In 2010 and 2011, maternal health campaigners gave ourselves a pat on the back for putting maternal health on the global agenda, and generating over $70 billion in new commitments to improve maternal and newborn health. This was no small accomplishment; for decades, maternal health was a largely invisible global scandal.

But what does this all mean if politicians and local leaders don’t know about these promises?
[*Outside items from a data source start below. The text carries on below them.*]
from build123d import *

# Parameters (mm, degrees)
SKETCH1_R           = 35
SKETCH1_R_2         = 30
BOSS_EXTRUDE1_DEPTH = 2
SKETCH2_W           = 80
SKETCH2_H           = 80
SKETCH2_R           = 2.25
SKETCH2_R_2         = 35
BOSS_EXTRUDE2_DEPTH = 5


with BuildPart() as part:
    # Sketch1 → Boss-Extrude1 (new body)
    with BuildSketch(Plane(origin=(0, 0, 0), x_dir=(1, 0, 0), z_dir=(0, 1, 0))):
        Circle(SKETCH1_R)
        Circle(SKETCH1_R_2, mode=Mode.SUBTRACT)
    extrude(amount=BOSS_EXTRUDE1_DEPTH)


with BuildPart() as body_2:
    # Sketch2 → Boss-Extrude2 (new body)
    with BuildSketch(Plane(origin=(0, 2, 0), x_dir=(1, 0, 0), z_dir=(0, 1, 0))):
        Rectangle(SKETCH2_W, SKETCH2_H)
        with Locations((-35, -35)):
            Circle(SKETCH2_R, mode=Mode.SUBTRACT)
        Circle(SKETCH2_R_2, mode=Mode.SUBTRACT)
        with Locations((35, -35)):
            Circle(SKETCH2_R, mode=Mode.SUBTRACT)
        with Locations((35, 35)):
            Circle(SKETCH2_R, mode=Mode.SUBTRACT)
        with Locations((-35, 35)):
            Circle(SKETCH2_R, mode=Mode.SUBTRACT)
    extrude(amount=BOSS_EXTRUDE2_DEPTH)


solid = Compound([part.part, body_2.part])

Joseph Mbilinyi has committed to pushing the government of Tanzania to deliver on their commitments.

In a recent meeting with Joseph Mbilinyi (aka Sugu), a Member of Parliament in Tanzania, a tireless campaigner for health equality, and a leading rap artist, he told the White Ribbon Alliance (WRA) that he was shocked to learn that 26 women die every day in pregnancy or childbirth in his country.  

If Members of Parliament are unaware of the commitments that their heads of state have made in global forums, and if they are unaware of the reality for pregnant women and mothers in their constituency, then who will make it a priority to ensure that governments are upholding their commitments to maternal health?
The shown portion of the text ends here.